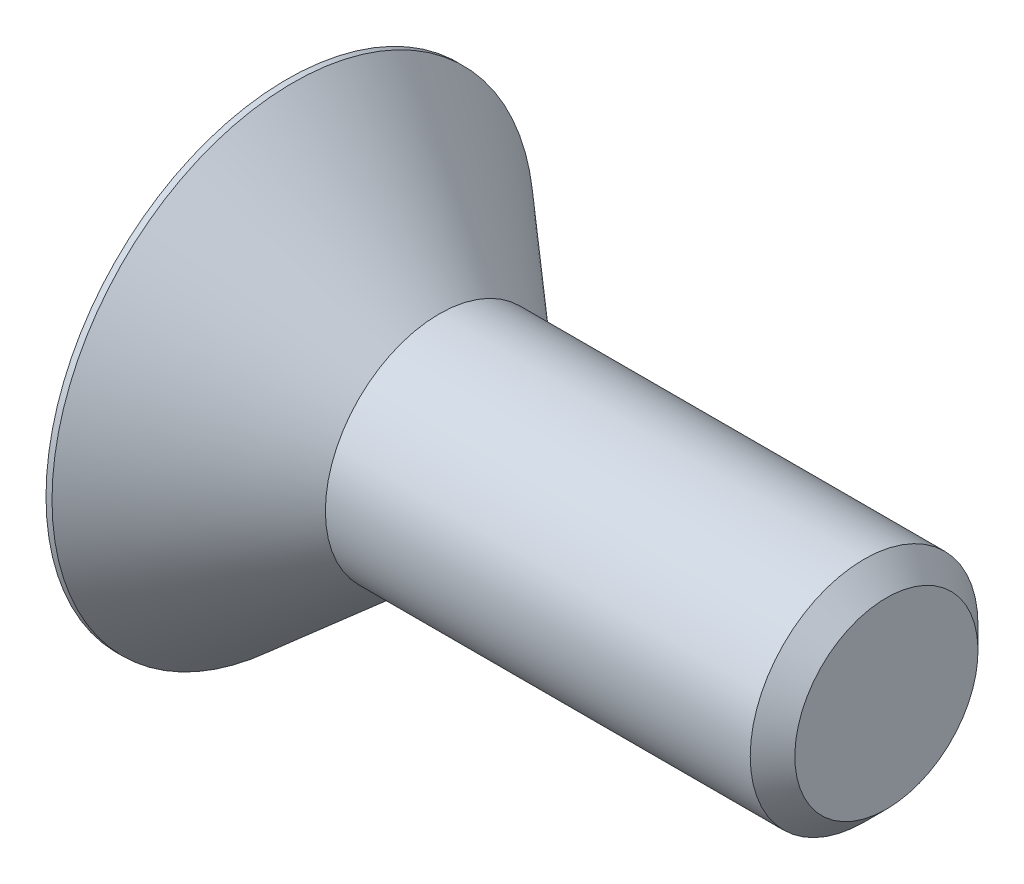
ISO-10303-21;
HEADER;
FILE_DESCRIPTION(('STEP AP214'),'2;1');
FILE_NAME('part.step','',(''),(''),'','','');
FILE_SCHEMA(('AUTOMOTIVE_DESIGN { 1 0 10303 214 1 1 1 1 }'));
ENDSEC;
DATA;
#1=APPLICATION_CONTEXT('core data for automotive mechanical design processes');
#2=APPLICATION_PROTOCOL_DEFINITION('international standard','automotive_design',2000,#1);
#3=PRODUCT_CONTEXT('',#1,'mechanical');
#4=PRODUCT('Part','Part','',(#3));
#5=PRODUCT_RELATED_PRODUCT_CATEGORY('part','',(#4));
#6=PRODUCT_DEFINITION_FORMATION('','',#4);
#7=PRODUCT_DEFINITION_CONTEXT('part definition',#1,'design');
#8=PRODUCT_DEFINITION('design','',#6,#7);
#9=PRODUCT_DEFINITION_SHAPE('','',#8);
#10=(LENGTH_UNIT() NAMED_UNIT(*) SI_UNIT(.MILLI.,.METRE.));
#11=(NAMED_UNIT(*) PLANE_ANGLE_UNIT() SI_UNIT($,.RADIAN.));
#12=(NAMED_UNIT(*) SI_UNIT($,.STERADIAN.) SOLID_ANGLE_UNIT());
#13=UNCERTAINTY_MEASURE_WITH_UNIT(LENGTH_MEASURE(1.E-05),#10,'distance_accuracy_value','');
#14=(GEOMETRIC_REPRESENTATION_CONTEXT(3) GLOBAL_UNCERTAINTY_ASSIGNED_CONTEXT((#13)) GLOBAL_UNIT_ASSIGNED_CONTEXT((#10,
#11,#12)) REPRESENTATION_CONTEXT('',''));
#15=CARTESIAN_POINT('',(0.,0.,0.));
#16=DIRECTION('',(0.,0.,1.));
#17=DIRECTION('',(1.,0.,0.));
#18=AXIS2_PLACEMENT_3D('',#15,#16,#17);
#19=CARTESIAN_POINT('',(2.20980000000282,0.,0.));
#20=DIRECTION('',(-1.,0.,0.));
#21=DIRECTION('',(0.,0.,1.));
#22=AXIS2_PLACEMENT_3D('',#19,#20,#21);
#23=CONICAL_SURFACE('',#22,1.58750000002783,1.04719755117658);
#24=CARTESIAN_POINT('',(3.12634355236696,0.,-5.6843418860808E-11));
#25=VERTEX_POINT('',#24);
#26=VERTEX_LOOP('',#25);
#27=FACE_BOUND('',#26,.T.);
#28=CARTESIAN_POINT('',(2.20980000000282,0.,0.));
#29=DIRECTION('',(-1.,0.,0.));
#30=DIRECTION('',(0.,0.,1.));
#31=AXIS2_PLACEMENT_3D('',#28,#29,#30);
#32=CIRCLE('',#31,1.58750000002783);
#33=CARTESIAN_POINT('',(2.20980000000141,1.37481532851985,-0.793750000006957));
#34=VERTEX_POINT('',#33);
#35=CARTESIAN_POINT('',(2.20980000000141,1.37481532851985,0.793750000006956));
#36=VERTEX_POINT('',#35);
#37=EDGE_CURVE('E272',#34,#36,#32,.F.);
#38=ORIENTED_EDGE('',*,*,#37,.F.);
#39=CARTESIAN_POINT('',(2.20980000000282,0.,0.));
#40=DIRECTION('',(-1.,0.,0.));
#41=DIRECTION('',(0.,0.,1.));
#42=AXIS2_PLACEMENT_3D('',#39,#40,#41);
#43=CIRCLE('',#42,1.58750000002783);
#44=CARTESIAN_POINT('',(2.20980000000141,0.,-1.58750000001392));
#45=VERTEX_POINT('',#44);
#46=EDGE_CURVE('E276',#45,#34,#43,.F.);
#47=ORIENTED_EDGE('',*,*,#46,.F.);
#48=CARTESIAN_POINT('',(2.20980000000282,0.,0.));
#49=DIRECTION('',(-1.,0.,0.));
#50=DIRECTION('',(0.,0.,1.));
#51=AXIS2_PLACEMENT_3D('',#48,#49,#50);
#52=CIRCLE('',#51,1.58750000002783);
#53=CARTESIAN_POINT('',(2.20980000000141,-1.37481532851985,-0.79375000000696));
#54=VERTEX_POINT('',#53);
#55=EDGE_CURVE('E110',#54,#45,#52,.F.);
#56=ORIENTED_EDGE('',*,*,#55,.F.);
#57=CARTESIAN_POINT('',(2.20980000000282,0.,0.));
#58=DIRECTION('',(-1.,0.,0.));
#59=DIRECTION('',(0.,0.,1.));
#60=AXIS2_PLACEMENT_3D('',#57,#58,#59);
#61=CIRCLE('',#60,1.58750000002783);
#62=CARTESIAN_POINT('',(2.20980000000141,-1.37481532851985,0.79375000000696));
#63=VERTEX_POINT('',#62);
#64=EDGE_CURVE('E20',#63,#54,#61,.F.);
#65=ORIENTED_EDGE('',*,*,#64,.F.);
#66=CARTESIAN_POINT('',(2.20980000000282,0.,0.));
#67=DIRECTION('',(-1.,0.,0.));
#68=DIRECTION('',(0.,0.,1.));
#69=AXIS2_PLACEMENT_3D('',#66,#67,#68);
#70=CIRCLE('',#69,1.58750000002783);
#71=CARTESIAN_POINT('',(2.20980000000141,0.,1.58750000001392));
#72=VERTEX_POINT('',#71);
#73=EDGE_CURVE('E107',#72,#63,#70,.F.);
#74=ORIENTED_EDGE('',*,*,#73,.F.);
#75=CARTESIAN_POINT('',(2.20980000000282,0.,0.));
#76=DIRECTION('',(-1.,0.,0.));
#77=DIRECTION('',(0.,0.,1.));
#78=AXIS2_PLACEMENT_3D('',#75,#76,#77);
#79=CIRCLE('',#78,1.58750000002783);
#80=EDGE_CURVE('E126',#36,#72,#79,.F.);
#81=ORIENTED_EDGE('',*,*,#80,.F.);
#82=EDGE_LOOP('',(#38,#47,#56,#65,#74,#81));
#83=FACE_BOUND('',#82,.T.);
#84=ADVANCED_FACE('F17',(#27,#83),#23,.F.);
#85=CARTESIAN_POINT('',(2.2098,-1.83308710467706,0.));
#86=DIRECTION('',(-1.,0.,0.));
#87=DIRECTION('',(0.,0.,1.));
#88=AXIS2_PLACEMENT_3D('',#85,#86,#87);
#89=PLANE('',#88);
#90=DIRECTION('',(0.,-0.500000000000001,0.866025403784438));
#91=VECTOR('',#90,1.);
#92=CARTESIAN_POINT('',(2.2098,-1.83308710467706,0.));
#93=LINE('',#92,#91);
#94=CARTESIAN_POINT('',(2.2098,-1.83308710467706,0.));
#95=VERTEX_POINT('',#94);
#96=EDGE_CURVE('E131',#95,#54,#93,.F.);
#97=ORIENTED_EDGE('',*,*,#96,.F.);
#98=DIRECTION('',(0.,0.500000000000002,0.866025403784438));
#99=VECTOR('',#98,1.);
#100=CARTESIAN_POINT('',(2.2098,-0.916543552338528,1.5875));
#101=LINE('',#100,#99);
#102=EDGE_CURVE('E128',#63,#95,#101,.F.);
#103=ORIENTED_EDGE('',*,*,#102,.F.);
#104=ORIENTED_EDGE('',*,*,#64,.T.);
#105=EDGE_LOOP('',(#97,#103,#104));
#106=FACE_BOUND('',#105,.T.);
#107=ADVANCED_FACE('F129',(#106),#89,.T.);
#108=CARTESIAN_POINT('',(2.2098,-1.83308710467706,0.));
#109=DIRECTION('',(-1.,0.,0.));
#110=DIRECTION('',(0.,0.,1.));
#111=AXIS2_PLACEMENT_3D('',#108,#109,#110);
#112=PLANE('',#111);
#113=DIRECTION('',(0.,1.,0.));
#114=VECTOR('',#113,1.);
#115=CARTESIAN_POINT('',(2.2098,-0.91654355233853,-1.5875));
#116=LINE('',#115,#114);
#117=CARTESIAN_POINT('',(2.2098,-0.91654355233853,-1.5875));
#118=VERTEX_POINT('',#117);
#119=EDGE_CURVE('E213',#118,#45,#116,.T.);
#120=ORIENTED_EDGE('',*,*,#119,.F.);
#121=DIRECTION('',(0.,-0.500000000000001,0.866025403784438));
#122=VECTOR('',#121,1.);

● ● ●

The lines to be transcribed are those from the first line of the data above through the line holding "#18=AXIS2_PLACEMENT_3D('',#15,#16,#17);", inclusive; copy them exactly and only, leaving out the pictures.

ISO-10303-21;
HEADER;
FILE_DESCRIPTION(('STEP AP214'),'2;1');
FILE_NAME('part.step','',(''),(''),'','','');
FILE_SCHEMA(('AUTOMOTIVE_DESIGN { 1 0 10303 214 1 1 1 1 }'));
ENDSEC;
DATA;
#1=APPLICATION_CONTEXT('core data for automotive mechanical design processes');
#2=APPLICATION_PROTOCOL_DEFINITION('international standard','automotive_design',2000,#1);
#3=PRODUCT_CONTEXT('',#1,'mechanical');
#4=PRODUCT('Part','Part','',(#3));
#5=PRODUCT_RELATED_PRODUCT_CATEGORY('part','',(#4));
#6=PRODUCT_DEFINITION_FORMATION('','',#4);
#7=PRODUCT_DEFINITION_CONTEXT('part definition',#1,'design');
#8=PRODUCT_DEFINITION('design','',#6,#7);
#9=PRODUCT_DEFINITION_SHAPE('','',#8);
#10=(LENGTH_UNIT() NAMED_UNIT(*) SI_UNIT(.MILLI.,.METRE.));
#11=(NAMED_UNIT(*) PLANE_ANGLE_UNIT() SI_UNIT($,.RADIAN.));
#12=(NAMED_UNIT(*) SI_UNIT($,.STERADIAN.) SOLID_ANGLE_UNIT());
#13=UNCERTAINTY_MEASURE_WITH_UNIT(LENGTH_MEASURE(1.E-05),#10,'distance_accuracy_value','');
#14=(GEOMETRIC_REPRESENTATION_CONTEXT(3) GLOBAL_UNCERTAINTY_ASSIGNED_CONTEXT((#13)) GLOBAL_UNIT_ASSIGNED_CONTEXT((#10,
#11,#12)) REPRESENTATION_CONTEXT('',''));
#15=CARTESIAN_POINT('',(0.,0.,0.));
#16=DIRECTION('',(0.,0.,1.));
#17=DIRECTION('',(1.,0.,0.));
#18=AXIS2_PLACEMENT_3D('',#15,#16,#17);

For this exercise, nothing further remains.